# Exercise brief:
For this listing, the lines between the one holding "line L3921 (37.737, 25.6775)" and the one holding "spline S1238 degree", inclusive, must be set down exactly.

# Exercise data:
####

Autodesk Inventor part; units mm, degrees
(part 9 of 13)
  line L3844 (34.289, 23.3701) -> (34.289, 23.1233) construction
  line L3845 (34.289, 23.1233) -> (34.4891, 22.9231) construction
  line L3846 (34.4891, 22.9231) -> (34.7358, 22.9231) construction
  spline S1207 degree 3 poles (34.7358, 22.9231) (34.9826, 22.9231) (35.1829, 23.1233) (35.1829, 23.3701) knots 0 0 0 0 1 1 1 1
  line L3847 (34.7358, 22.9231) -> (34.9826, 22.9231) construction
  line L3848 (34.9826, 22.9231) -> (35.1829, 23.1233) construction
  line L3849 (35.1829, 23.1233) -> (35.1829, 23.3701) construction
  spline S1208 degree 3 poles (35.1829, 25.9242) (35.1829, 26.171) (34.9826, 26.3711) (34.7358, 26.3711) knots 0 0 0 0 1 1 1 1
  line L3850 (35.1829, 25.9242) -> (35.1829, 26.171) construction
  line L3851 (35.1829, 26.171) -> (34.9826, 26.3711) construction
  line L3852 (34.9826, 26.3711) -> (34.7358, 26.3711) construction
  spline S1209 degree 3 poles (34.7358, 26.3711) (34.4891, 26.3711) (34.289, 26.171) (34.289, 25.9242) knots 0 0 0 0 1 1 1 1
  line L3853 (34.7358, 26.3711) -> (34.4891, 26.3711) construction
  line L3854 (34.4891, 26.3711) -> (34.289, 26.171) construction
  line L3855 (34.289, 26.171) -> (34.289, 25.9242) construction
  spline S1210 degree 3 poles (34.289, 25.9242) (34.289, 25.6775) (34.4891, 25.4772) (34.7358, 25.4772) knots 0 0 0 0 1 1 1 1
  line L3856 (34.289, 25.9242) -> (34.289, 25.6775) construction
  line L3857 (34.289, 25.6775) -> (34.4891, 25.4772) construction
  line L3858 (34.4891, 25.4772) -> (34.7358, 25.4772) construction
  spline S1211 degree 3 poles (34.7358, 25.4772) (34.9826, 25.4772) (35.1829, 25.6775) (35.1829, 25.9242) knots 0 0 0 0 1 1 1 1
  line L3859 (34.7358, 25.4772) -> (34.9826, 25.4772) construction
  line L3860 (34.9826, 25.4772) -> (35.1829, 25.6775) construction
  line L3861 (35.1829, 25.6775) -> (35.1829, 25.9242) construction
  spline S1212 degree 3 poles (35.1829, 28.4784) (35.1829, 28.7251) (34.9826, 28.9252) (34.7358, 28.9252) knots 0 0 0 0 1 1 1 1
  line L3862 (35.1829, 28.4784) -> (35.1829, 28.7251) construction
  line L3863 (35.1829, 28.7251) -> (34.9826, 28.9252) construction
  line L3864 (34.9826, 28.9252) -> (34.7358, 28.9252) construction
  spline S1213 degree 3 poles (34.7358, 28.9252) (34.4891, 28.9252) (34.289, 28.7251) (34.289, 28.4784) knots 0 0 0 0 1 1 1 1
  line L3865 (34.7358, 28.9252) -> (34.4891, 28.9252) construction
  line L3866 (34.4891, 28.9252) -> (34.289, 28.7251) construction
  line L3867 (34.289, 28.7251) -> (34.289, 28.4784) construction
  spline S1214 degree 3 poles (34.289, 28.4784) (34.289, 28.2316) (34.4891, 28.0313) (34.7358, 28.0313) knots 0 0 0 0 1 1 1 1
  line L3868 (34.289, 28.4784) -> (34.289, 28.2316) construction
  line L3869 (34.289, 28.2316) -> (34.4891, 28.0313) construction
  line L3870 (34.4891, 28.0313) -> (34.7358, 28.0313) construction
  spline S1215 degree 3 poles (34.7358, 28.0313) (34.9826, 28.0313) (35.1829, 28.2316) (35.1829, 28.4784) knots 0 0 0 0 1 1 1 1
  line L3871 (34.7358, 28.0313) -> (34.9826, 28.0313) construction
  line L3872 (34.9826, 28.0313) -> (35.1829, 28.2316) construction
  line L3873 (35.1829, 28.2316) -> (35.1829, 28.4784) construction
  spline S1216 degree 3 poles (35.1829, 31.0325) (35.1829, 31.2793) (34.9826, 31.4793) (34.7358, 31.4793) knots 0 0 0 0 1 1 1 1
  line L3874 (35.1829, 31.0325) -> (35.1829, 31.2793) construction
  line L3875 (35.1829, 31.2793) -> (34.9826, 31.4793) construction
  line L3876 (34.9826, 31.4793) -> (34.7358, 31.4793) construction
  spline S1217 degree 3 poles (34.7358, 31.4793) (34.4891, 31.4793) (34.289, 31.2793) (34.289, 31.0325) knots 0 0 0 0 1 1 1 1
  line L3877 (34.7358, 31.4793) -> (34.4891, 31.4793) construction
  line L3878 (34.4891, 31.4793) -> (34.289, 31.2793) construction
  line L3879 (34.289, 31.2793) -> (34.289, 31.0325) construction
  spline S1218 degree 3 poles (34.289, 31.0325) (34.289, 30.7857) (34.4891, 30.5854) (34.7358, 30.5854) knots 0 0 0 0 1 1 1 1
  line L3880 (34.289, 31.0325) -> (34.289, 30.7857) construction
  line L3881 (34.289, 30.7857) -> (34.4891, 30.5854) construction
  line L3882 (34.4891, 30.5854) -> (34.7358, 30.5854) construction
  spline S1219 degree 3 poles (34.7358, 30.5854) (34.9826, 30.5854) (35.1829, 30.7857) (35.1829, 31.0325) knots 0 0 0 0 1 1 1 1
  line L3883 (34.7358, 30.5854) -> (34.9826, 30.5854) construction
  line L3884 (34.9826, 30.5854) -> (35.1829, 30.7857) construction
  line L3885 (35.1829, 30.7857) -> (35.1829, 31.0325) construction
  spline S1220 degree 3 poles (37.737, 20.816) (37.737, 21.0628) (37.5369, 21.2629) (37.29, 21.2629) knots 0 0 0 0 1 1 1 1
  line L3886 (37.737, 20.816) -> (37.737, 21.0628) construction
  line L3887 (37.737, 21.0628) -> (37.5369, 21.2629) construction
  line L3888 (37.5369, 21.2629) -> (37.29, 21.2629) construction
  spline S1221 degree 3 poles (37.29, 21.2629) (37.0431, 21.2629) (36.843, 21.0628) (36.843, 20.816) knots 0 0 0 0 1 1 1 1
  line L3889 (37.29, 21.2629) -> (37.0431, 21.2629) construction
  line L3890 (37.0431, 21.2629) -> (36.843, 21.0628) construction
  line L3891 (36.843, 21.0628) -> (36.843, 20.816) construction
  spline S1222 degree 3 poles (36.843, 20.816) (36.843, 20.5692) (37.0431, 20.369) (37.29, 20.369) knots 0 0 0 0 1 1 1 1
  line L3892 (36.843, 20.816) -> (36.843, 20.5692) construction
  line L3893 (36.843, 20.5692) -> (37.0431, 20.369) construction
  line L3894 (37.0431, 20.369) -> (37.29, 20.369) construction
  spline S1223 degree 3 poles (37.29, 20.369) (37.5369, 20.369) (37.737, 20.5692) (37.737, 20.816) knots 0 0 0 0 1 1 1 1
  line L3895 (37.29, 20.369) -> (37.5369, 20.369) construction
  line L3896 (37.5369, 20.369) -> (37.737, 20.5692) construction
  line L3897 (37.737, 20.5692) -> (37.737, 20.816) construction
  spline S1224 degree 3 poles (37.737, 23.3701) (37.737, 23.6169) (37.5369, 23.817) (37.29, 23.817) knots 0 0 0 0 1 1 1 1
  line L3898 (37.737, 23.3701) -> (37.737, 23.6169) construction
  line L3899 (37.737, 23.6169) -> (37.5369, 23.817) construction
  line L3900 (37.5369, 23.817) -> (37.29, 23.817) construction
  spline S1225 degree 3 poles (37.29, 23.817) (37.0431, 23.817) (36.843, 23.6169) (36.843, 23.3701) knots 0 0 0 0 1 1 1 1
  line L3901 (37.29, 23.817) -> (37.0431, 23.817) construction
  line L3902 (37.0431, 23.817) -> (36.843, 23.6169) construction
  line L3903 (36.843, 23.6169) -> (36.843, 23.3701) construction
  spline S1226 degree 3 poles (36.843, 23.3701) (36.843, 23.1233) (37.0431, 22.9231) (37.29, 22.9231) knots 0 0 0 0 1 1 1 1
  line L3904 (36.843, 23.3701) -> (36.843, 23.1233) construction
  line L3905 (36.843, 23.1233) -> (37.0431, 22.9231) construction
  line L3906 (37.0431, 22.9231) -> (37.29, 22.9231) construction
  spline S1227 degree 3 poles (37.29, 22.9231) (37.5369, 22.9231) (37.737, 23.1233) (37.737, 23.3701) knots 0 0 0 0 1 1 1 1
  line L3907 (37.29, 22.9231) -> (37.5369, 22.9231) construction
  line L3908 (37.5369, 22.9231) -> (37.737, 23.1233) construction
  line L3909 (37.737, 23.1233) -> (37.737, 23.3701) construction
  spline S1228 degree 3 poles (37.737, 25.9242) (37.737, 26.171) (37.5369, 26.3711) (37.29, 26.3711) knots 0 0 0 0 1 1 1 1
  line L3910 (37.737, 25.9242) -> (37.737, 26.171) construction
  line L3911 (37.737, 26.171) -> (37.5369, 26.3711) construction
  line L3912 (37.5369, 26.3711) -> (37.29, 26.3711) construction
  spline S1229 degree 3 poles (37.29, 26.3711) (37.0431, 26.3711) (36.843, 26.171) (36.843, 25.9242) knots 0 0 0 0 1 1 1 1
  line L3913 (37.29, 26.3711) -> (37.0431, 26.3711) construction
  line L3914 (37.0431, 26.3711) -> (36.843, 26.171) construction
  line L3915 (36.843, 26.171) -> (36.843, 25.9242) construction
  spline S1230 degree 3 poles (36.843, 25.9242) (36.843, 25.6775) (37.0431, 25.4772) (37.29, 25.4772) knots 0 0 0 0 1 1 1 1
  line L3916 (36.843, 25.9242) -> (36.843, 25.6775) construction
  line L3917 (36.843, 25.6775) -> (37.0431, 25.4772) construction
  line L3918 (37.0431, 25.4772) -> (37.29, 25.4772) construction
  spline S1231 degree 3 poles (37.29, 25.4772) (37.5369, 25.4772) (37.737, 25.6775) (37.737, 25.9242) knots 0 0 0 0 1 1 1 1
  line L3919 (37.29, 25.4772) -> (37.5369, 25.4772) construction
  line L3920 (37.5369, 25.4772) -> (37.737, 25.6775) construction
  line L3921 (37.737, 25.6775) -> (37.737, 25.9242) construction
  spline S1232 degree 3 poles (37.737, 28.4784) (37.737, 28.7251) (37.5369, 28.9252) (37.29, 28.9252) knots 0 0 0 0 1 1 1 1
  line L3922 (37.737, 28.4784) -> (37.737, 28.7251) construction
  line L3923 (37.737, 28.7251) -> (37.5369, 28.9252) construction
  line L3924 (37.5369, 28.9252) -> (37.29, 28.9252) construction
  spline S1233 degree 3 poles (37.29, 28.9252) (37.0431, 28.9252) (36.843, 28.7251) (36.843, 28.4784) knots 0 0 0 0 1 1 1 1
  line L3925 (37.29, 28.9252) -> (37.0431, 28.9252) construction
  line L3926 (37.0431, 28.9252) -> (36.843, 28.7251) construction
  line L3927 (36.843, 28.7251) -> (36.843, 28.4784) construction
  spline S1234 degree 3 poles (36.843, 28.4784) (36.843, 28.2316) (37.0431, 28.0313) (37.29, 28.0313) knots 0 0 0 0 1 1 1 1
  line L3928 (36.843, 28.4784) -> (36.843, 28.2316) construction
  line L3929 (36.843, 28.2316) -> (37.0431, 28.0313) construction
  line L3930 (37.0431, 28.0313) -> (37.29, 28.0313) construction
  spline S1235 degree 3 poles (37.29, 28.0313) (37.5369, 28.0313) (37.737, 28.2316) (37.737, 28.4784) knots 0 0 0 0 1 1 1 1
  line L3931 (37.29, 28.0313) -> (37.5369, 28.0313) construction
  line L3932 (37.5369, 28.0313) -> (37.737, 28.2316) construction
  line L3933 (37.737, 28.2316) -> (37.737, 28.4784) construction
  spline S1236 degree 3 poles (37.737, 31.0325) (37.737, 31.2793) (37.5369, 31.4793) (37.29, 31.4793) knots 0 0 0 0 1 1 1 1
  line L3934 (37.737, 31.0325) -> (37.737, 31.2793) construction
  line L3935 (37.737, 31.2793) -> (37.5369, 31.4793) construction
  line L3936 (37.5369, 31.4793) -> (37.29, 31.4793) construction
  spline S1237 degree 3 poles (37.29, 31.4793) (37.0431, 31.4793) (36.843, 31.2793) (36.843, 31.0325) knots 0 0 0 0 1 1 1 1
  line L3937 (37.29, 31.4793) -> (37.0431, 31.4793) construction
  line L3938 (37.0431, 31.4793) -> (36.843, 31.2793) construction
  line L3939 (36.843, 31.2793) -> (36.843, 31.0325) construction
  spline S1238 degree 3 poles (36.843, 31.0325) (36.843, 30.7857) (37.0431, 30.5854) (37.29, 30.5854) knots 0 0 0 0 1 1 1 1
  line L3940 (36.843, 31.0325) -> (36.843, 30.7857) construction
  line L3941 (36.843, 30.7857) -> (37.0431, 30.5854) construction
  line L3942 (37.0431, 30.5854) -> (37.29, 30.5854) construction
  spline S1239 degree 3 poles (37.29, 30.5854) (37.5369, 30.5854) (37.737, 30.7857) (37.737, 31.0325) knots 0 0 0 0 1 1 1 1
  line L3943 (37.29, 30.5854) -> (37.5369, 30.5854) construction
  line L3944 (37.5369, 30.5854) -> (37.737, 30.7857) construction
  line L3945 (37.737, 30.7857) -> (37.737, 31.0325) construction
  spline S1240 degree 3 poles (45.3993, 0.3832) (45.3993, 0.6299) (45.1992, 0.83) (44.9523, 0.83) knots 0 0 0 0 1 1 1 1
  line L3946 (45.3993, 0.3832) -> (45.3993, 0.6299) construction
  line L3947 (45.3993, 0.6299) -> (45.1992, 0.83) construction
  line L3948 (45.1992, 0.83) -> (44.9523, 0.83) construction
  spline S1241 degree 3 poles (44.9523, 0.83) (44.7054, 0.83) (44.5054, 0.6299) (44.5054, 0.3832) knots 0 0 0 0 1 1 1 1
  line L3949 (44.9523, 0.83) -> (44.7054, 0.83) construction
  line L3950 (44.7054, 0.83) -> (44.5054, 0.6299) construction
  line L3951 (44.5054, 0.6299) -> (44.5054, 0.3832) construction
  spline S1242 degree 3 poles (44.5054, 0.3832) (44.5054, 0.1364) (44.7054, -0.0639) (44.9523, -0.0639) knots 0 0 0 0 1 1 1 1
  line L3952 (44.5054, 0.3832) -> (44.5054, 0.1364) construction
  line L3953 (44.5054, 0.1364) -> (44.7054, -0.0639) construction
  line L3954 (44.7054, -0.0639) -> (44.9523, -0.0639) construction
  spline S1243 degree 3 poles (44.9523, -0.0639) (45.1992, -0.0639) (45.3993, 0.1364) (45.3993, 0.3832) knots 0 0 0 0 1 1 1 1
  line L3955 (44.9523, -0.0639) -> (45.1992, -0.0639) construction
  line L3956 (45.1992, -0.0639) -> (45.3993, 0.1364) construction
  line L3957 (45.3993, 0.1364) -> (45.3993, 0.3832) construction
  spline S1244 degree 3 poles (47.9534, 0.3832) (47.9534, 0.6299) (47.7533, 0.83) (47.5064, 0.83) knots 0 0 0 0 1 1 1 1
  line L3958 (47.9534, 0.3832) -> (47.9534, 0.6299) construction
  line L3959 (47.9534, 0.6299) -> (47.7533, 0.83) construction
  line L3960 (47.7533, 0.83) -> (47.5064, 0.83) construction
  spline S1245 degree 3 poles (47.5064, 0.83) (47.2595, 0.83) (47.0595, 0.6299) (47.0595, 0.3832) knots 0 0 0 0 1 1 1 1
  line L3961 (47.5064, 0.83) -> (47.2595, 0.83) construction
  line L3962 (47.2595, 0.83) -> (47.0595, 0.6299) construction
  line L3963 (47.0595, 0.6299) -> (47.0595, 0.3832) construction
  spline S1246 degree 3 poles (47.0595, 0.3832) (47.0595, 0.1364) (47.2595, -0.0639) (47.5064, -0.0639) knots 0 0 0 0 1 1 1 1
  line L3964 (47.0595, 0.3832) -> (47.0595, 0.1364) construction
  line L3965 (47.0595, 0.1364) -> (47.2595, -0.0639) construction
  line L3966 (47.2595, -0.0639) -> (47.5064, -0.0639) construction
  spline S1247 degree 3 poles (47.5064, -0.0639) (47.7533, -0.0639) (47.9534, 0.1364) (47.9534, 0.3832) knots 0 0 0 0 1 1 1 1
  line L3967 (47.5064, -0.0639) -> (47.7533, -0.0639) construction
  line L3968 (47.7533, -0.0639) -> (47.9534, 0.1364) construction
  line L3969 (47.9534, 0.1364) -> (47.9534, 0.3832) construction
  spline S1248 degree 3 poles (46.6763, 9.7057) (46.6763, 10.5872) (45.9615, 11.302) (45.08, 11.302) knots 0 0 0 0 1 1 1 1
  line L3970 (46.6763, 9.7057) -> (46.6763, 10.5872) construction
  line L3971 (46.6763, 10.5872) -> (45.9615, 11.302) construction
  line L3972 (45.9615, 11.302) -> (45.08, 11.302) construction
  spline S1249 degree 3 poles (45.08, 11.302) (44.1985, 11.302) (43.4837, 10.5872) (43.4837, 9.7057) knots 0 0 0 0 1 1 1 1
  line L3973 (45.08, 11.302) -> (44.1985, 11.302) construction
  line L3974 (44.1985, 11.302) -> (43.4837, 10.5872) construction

####

# Task result:
  line L3921 (37.737, 25.6775) -> (37.737, 25.9242) construction
  spline S1232 degree 3 poles (37.737, 28.4784) (37.737, 28.7251) (37.5369, 28.9252) (37.29, 28.9252) knots 0 0 0 0 1 1 1 1
  line L3922 (37.737, 28.4784) -> (37.737, 28.7251) construction
  line L3923 (37.737, 28.7251) -> (37.5369, 28.9252) construction
  line L3924 (37.5369, 28.9252) -> (37.29, 28.9252) construction
  spline S1233 degree 3 poles (37.29, 28.9252) (37.0431, 28.9252) (36.843, 28.7251) (36.843, 28.4784) knots 0 0 0 0 1 1 1 1
  line L3925 (37.29, 28.9252) -> (37.0431, 28.9252) construction
  line L3926 (37.0431, 28.9252) -> (36.843, 28.7251) construction
  line L3927 (36.843, 28.7251) -> (36.843, 28.4784) construction
  spline S1234 degree 3 poles (36.843, 28.4784) (36.843, 28.2316) (37.0431, 28.0313) (37.29, 28.0313) knots 0 0 0 0 1 1 1 1
  line L3928 (36.843, 28.4784) -> (36.843, 28.2316) construction
  line L3929 (36.843, 28.2316) -> (37.0431, 28.0313) construction
  line L3930 (37.0431, 28.0313) -> (37.29, 28.0313) construction
  spline S1235 degree 3 poles (37.29, 28.0313) (37.5369, 28.0313) (37.737, 28.2316) (37.737, 28.4784) knots 0 0 0 0 1 1 1 1
  line L3931 (37.29, 28.0313) -> (37.5369, 28.0313) construction
  line L3932 (37.5369, 28.0313) -> (37.737, 28.2316) construction
  line L3933 (37.737, 28.2316) -> (37.737, 28.4784) construction
  spline S1236 degree 3 poles (37.737, 31.0325) (37.737, 31.2793) (37.5369, 31.4793) (37.29, 31.4793) knots 0 0 0 0 1 1 1 1
  line L3934 (37.737, 31.0325) -> (37.737, 31.2793) construction
  line L3935 (37.737, 31.2793) -> (37.5369, 31.4793) construction
  line L3936 (37.5369, 31.4793) -> (37.29, 31.4793) construction
  spline S1237 degree 3 poles (37.29, 31.4793) (37.0431, 31.4793) (36.843, 31.2793) (36.843, 31.0325) knots 0 0 0 0 1 1 1 1
  line L3937 (37.29, 31.4793) -> (37.0431, 31.4793) construction
  line L3938 (37.0431, 31.4793) -> (36.843, 31.2793) construction
  line L3939 (36.843, 31.2793) -> (36.843, 31.0325) construction
  spline S1238 degree 3 poles (36.843, 31.0325) (36.843, 30.7857) (37.0431, 30.5854) (37.29, 30.5854) knots 0 0 0 0 1 1 1 1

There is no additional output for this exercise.